Your task is to repeat the records exactly from the line containing "Step4 : Step" onward, through the final line.

Source records
--*--

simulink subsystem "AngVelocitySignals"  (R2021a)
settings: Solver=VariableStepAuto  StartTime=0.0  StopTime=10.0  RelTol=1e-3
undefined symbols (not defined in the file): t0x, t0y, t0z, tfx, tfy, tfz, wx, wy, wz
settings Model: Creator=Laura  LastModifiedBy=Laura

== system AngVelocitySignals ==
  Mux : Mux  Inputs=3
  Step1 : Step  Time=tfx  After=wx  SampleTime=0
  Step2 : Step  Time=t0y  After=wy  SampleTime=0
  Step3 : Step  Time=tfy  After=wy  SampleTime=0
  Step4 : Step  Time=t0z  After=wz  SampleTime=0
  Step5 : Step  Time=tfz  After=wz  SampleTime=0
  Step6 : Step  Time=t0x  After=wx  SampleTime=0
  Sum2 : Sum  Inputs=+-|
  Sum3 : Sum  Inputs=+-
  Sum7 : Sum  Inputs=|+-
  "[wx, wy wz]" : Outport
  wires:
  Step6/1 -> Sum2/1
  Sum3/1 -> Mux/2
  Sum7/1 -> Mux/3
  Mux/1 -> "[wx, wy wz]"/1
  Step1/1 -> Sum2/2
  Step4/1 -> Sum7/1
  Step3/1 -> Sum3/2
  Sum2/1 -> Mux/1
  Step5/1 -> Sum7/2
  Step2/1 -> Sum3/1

--*--

## [Exercise answer]
  Step4 : Step  Time=t0z  After=wz  SampleTime=0
  Step5 : Step  Time=tfz  After=wz  SampleTime=0
  Step6 : Step  Time=t0x  After=wx  SampleTime=0
  Sum2 : Sum  Inputs=+-|
  Sum3 : Sum  Inputs=+-
  Sum7 : Sum  Inputs=|+-
  "[wx, wy wz]" : Outport
  wires:
  Step6/1 -> Sum2/1
  Sum3/1 -> Mux/2
  Sum7/1 -> Mux/3
  Mux/1 -> "[wx, wy wz]"/1
  Step1/1 -> Sum2/2
  Step4/1 -> Sum7/1
  Step3/1 -> Sum3/2
  Sum2/1 -> Mux/1
  Step5/1 -> Sum7/2
  Step2/1 -> Sum3/1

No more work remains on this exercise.